燃料噴射装置にキャブレターが採用された自動車・バイクは、一般的にキャブ車と呼ばれています。80年代以前の自動車、いわゆる旧車と呼ばれて愛されている自動車の多くは、燃料噴射装置にキャブレターが採用されているのが一般的です。

ダイハツ ミゼット
©Mitsuyoshi/stock.adobe.com

例えば、有名どころの旧車である日産 スカイラインC10型、いわゆるハコスカの愛称で同じみのこの自動車はキャブ車ですし、映画『ALWAYS 三丁目の夕日』に登場した三輪自動車のダイハツ ミゼットもキャブ車です(しかも燃料はガソリンとオイルの混合燃料)。

最近だとトヨタ カローラ スプリンタートレノ/レビン、いわゆる昔のハチロク(AE86)も旧車に含まれるようになりましたが、これらの燃料噴射装置はインジェクションでした。

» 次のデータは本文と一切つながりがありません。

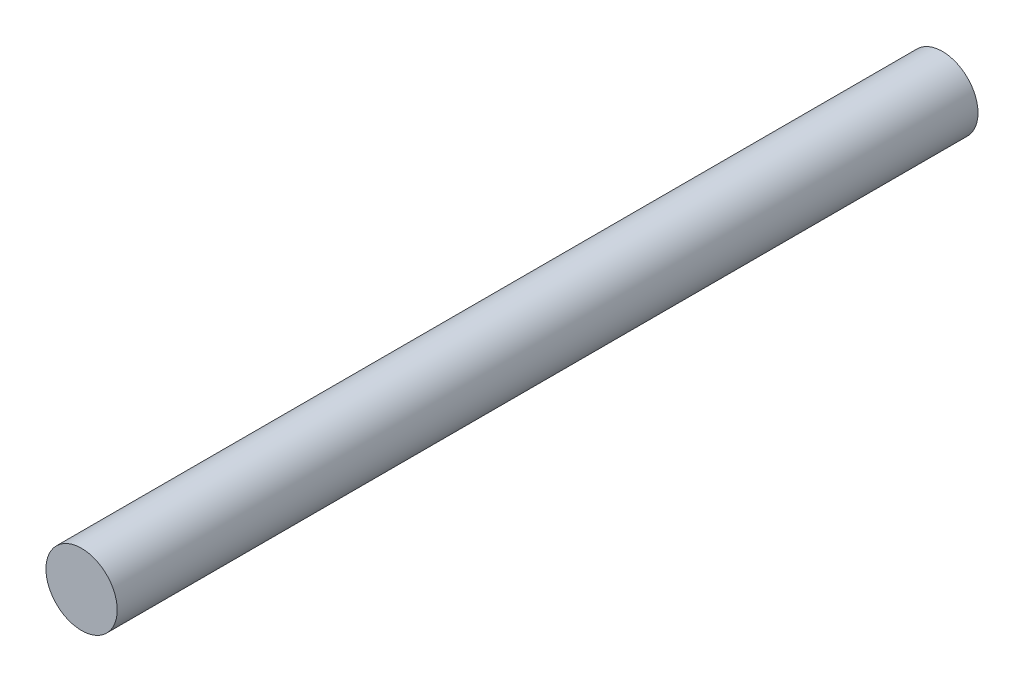
from build123d import *

# Parameters (mm, degrees)
SKETCH1_R           = 2.6289
BOSS_EXTRUDE1_DEPTH = 63.5


with BuildPart() as part:
    # Sketch1 → Boss-Extrude1 (new body)
    with BuildSketch(Plane.XY):
        Circle(SKETCH1_R)
    extrude(amount=BOSS_EXTRUDE1_DEPTH)


solid = part.part
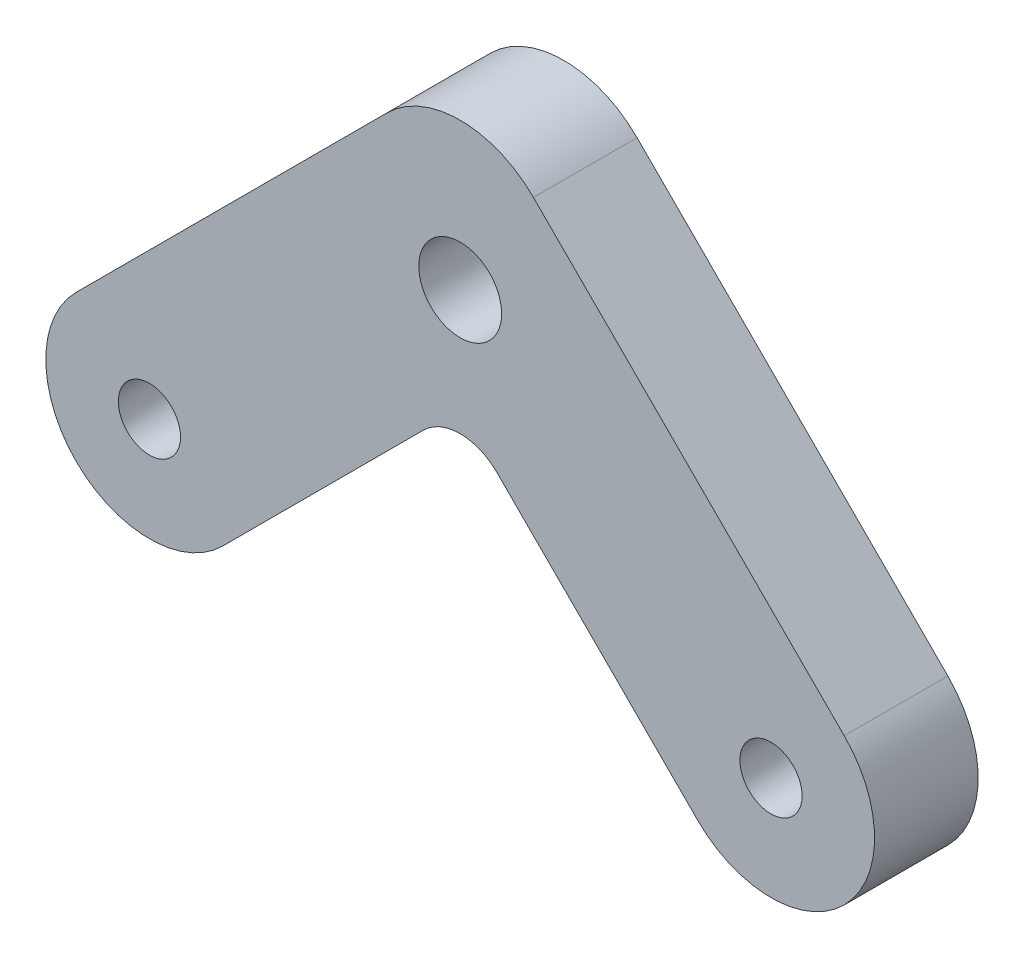
from build123d import *

# Parameters (mm, degrees)
EXTRUDE_1_DEPTH     = 10
SKETCH_2_R          = 4
SKETCH_2_R_2        = 3
CUT_EXTRUDE_1_DEPTH = 10
FILLET_1_R          = 5


with BuildPart() as part:
    # 草图1 → 凸台-拉伸1 (new body)
    with BuildSketch(Plane.XY):
        with BuildLine():
            Line((-7.071067812, 11.264774836), (-37.071067812, -18.735225164))
            ThreePointArc((-37.071067812, -18.735225164), (-37.071067812, -32.877360787), (-22.928932188, -32.877360787))
            Line((-22.928932188, -32.877360787), (0, -9.948428599))
            Line((0, -9.948428599), (22.928932188, -32.877360787))
            ThreePointArc((22.928932188, -32.877360787), (37.071067812, -32.877360787), (37.071067812, -18.735225164))
            Line((37.071067812, -18.735225164), (7.071067812, 11.264774836))
            ThreePointArc((7.071067812, 11.264774836), (0, 14.193707024), (-7.071067812, 11.264774836))
        make_face()
    extrude(amount=EXTRUDE_1_DEPTH)

    # 草图2 → 切除-拉伸1 (cut)
    with BuildSketch(Plane.XY.offset(10)):
        Circle(SKETCH_2_R)
        with Locations((-30, -25.806292976)):
            Circle(SKETCH_2_R_2)
        with Locations((30, -25.806292976)):
            Circle(SKETCH_2_R_2)
    extrude(amount=-CUT_EXTRUDE_1_DEPTH, mode=Mode.SUBTRACT)

    # 圆角1
    fillet_1_edges = [part.edges().sort_by_distance(p)[0] for p in [
        (0, -9.948428599, 5),
    ]]
    fillet(fillet_1_edges, radius=FILLET_1_R)


solid = part.part

当時だとキャブレター仕様にする定番チューニングもあり、多くのノウハウが生み出されました。

キャブ車が現行ラインナップから絶滅した理由

キャブ車は既に現行モデルから姿を消しました。現行車の燃料噴射装置は全てフューエルインジェクションとなっています。

排出ガス規制が年々厳しくなったこと、規制をパスするためにキャブレターに代わってインジェクションを使い始めたことなどが、キャブレターを採用する新車がなくなったことの要因です。

時代の流れとともに、排気ガスを減らすこと・燃費性能を向上させること・より楽に運転できることを達成するべく自動車メーカーは研究・開発を進めた結果、キャブレターはインジェクションにとって代わられました。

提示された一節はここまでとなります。